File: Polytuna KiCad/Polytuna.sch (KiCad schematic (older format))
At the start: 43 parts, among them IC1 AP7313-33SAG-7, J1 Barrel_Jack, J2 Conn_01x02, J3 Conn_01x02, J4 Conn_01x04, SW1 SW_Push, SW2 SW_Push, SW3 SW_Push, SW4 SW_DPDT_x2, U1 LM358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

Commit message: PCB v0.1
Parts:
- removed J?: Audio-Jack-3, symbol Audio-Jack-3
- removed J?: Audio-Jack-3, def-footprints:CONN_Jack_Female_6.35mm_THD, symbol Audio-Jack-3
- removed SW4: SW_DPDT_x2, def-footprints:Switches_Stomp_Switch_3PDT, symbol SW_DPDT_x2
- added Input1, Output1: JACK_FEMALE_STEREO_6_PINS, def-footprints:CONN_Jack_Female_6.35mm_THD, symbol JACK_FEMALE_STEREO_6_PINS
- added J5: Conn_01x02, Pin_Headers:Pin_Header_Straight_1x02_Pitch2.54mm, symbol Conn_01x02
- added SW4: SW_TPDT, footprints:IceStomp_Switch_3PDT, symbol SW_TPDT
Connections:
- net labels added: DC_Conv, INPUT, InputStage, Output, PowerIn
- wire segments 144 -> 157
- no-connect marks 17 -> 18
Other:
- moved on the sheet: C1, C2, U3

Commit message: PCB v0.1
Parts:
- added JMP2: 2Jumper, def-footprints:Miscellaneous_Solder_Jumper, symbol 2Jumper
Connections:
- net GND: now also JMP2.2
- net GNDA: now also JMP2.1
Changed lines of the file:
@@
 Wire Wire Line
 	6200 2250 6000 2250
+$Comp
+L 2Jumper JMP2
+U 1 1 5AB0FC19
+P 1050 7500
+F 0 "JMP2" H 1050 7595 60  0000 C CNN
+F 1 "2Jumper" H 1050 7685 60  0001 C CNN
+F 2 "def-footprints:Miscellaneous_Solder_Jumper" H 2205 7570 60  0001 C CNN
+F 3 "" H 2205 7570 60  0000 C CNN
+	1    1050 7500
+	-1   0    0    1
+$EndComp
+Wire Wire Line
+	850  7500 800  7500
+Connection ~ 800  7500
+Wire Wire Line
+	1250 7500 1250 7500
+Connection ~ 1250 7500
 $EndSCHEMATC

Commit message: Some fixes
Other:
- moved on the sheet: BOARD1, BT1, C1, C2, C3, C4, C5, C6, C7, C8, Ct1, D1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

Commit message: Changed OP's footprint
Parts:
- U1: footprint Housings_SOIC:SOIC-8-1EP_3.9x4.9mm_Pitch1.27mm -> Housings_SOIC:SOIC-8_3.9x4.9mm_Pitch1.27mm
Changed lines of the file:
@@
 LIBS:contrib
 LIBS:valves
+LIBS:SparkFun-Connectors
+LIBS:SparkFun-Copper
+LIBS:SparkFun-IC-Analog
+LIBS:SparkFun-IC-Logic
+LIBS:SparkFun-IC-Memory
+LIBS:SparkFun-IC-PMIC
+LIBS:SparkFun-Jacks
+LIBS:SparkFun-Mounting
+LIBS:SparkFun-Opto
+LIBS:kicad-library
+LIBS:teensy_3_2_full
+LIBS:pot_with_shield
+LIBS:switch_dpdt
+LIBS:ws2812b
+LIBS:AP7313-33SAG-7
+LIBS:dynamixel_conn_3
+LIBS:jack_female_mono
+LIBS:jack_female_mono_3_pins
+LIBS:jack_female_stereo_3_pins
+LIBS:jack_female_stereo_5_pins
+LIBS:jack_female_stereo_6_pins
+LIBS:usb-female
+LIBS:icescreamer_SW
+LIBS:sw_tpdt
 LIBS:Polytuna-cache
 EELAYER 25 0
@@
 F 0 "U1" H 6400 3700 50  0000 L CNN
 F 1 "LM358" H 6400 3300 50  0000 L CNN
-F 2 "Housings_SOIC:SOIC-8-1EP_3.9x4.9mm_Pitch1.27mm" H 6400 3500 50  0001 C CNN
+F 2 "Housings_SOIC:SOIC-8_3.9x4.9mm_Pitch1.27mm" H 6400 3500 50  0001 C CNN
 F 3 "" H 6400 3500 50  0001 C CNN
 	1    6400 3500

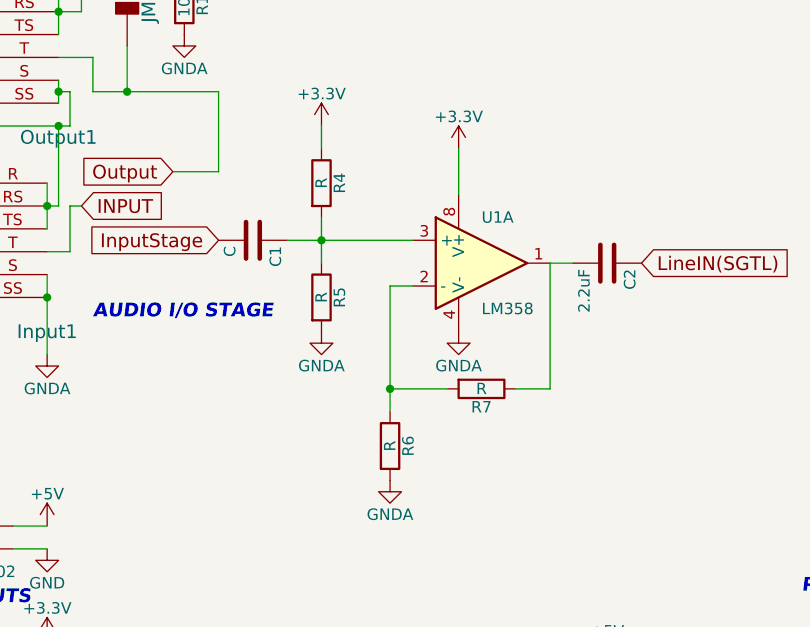
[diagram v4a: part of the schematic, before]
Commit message: Added values for input stage resistors
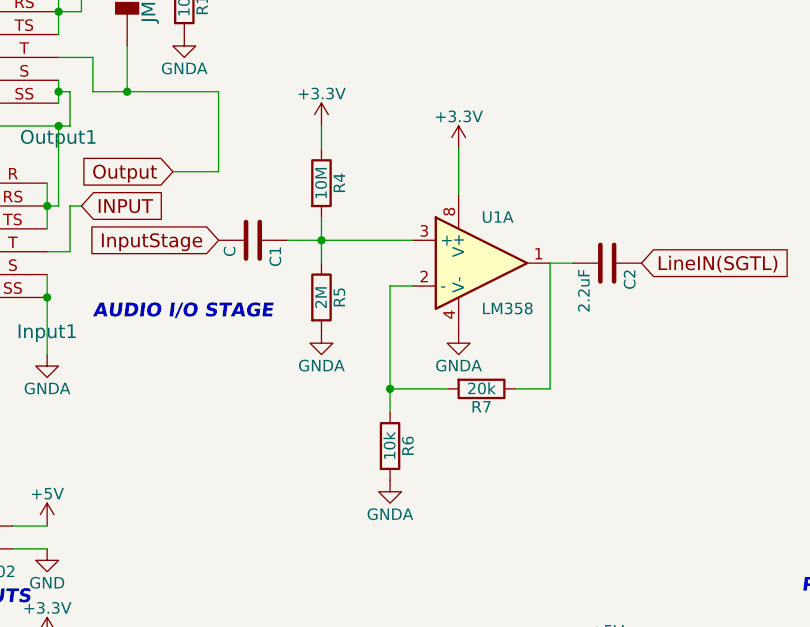
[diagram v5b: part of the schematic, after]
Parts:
- R4: value R -> 10M
- R5: value R -> 2M
- R6: value R -> 10k
- R7: value R -> 20k
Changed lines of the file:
@@
 P 6000 4300
 F 0 "R6" V 6080 4300 50  0000 C CNN
-F 1 "R" V 6000 4300 50  0000 C CNN
+F 1 "10k" V 6000 4300 50  0000 C CNN
 F 2 "Resistors_SMD:R_0805" V 5930 4300 50  0001 C CNN
 F 3 "" H 6000 4300 50  0001 C CNN
@@
 P 5700 3650
 F 0 "R5" V 5780 3650 50  0000 C CNN
-F 1 "R" V 5700 3650 50  0000 C CNN
+F 1 "2M" V 5700 3650 50  0000 C CNN
 F 2 "Resistors_SMD:R_0805" V 5630 3650 50  0001 C CNN
 F 3 "" H 5700 3650 50  0001 C CNN
@@
 P 6400 4050
 F 0 "R7" V 6480 4050 50  0000 C CNN
-F 1 "R" V 6400 4050 50  0000 C CNN
+F 1 "20k" V 6400 4050 50  0000 C CNN
 F 2 "Resistors_SMD:R_0805" V 6330 4050 50  0001 C CNN
 F 3 "" H 6400 4050 50  0001 C CNN
@@
 P 5700 3150
 F 0 "R4" V 5780 3150 50  0000 C CNN
-F 1 "R" V 5700 3150 50  0000 C CNN
+F 1 "10M" V 5700 3150 50  0000 C CNN
 F 2 "Resistors_SMD:R_0805" V 5630 3150 50  0001 C CNN
 F 3 "" H 5700 3150 50  0001 C CNN

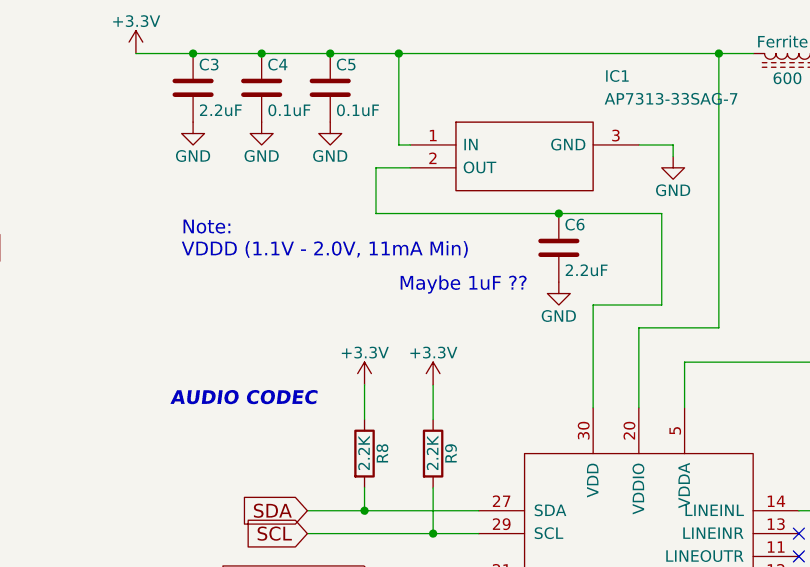
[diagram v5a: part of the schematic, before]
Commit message: Corrected C6 value
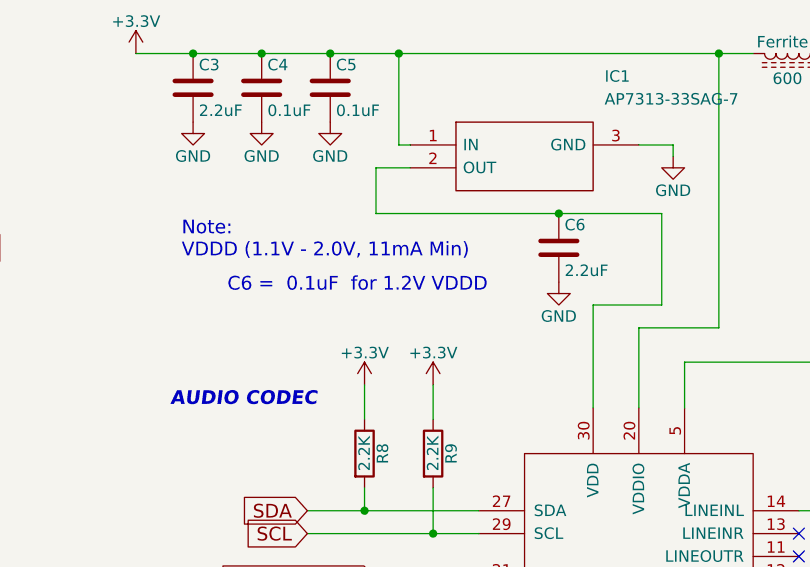
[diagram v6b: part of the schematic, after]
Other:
- note added: "C6 = 0.1uF for 1.2V VDDD"
- note removed: "Maybe 1uF ??"
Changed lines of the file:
@@
 	1    0    0    -1
 $EndComp
-Text Notes 11100 3300 0    60   ~ 0
-Maybe 1uF ??
+Text Notes 10350 3300 0    60   ~ 0
+C6 =  0.1uF  for 1.2V VDDD
 Wire Wire Line
 	4550 7500 4950 7500

*YOUR TASK*.
Drop the pictures and give every line above again exactly.

*EXPECTED ANSWER*.
File: Polytuna KiCad/Polytuna.sch (KiCad schematic (older format))
At the start: 43 parts, among them IC1 AP7313-33SAG-7, J1 Barrel_Jack, J2 Conn_01x02, J3 Conn_01x02, J4 Conn_01x04, SW1 SW_Push, SW2 SW_Push, SW3 SW_Push, SW4 SW_DPDT_x2, U1 LM358

Commit message: PCB v0.1
Parts:
- removed J?: Audio-Jack-3, symbol Audio-Jack-3
- removed J?: Audio-Jack-3, def-footprints:CONN_Jack_Female_6.35mm_THD, symbol Audio-Jack-3
- removed SW4: SW_DPDT_x2, def-footprints:Switches_Stomp_Switch_3PDT, symbol SW_DPDT_x2
- added Input1, Output1: JACK_FEMALE_STEREO_6_PINS, def-footprints:CONN_Jack_Female_6.35mm_THD, symbol JACK_FEMALE_STEREO_6_PINS
- added J5: Conn_01x02, Pin_Headers:Pin_Header_Straight_1x02_Pitch2.54mm, symbol Conn_01x02
- added SW4: SW_TPDT, footprints:IceStomp_Switch_3PDT, symbol SW_TPDT
Connections:
- net labels added: DC_Conv, INPUT, InputStage, Output, PowerIn
- wire segments 144 -> 157
- no-connect marks 17 -> 18
Other:
- moved on the sheet: C1, C2, U3

Commit message: PCB v0.1
Parts:
- added JMP2: 2Jumper, def-footprints:Miscellaneous_Solder_Jumper, symbol 2Jumper
Connections:
- net GND: now also JMP2.2
- net GNDA: now also JMP2.1
Changed lines of the file:
@@
 Wire Wire Line
 	6200 2250 6000 2250
+$Comp
+L 2Jumper JMP2
+U 1 1 5AB0FC19
+P 1050 7500
+F 0 "JMP2" H 1050 7595 60  0000 C CNN
+F 1 "2Jumper" H 1050 7685 60  0001 C CNN
+F 2 "def-footprints:Miscellaneous_Solder_Jumper" H 2205 7570 60  0001 C CNN
+F 3 "" H 2205 7570 60  0000 C CNN
+	1    1050 7500
+	-1   0    0    1
+$EndComp
+Wire Wire Line
+	850  7500 800  7500
+Connection ~ 800  7500
+Wire Wire Line
+	1250 7500 1250 7500
+Connection ~ 1250 7500
 $EndSCHEMATC

Commit message: Some fixes
Other:
- moved on the sheet: BOARD1, BT1, C1, C2, C3, C4, C5, C6, C7, C8, Ct1, D1

Commit message: Changed OP's footprint
Parts:
- U1: footprint Housings_SOIC:SOIC-8-1EP_3.9x4.9mm_Pitch1.27mm -> Housings_SOIC:SOIC-8_3.9x4.9mm_Pitch1.27mm
Changed lines of the file:
@@
 LIBS:contrib
 LIBS:valves
+LIBS:SparkFun-Connectors
+LIBS:SparkFun-Copper
+LIBS:SparkFun-IC-Analog
+LIBS:SparkFun-IC-Logic
+LIBS:SparkFun-IC-Memory
+LIBS:SparkFun-IC-PMIC
+LIBS:SparkFun-Jacks
+LIBS:SparkFun-Mounting
+LIBS:SparkFun-Opto
+LIBS:kicad-library
+LIBS:teensy_3_2_full
+LIBS:pot_with_shield
+LIBS:switch_dpdt
+LIBS:ws2812b
+LIBS:AP7313-33SAG-7
+LIBS:dynamixel_conn_3
+LIBS:jack_female_mono
+LIBS:jack_female_mono_3_pins
+LIBS:jack_female_stereo_3_pins
+LIBS:jack_female_stereo_5_pins
+LIBS:jack_female_stereo_6_pins
+LIBS:usb-female
+LIBS:icescreamer_SW
+LIBS:sw_tpdt
 LIBS:Polytuna-cache
 EELAYER 25 0
@@
 F 0 "U1" H 6400 3700 50  0000 L CNN
 F 1 "LM358" H 6400 3300 50  0000 L CNN
-F 2 "Housings_SOIC:SOIC-8-1EP_3.9x4.9mm_Pitch1.27mm" H 6400 3500 50  0001 C CNN
+F 2 "Housings_SOIC:SOIC-8_3.9x4.9mm_Pitch1.27mm" H 6400 3500 50  0001 C CNN
 F 3 "" H 6400 3500 50  0001 C CNN
 	1    6400 3500

[diagram v4a: part of the schematic, before]
Commit message: Added values for input stage resistors
[diagram v5b: part of the schematic, after]
Parts:
- R4: value R -> 10M
- R5: value R -> 2M
- R6: value R -> 10k
- R7: value R -> 20k
Changed lines of the file:
@@
 P 6000 4300
 F 0 "R6" V 6080 4300 50  0000 C CNN
-F 1 "R" V 6000 4300 50  0000 C CNN
+F 1 "10k" V 6000 4300 50  0000 C CNN
 F 2 "Resistors_SMD:R_0805" V 5930 4300 50  0001 C CNN
 F 3 "" H 6000 4300 50  0001 C CNN
@@
 P 5700 3650
 F 0 "R5" V 5780 3650 50  0000 C CNN
-F 1 "R" V 5700 3650 50  0000 C CNN
+F 1 "2M" V 5700 3650 50  0000 C CNN
 F 2 "Resistors_SMD:R_0805" V 5630 3650 50  0001 C CNN
 F 3 "" H 5700 3650 50  0001 C CNN
@@
 P 6400 4050
 F 0 "R7" V 6480 4050 50  0000 C CNN
-F 1 "R" V 6400 4050 50  0000 C CNN
+F 1 "20k" V 6400 4050 50  0000 C CNN
 F 2 "Resistors_SMD:R_0805" V 6330 4050 50  0001 C CNN
 F 3 "" H 6400 4050 50  0001 C CNN
@@
 P 5700 3150
 F 0 "R4" V 5780 3150 50  0000 C CNN
-F 1 "R" V 5700 3150 50  0000 C CNN
+F 1 "10M" V 5700 3150 50  0000 C CNN
 F 2 "Resistors_SMD:R_0805" V 5630 3150 50  0001 C CNN
 F 3 "" H 5700 3150 50  0001 C CNN

[diagram v5a: part of the schematic, before]
Commit message: Corrected C6 value
[diagram v6b: part of the schematic, after]
Other:
- note added: "C6 = 0.1uF for 1.2V VDDD"
- note removed: "Maybe 1uF ??"
Changed lines of the file:
@@
 	1    0    0    -1
 $EndComp
-Text Notes 11100 3300 0    60   ~ 0
-Maybe 1uF ??
+Text Notes 10350 3300 0    60   ~ 0
+C6 =  0.1uF  for 1.2V VDDD
 Wire Wire Line
 	4550 7500 4950 7500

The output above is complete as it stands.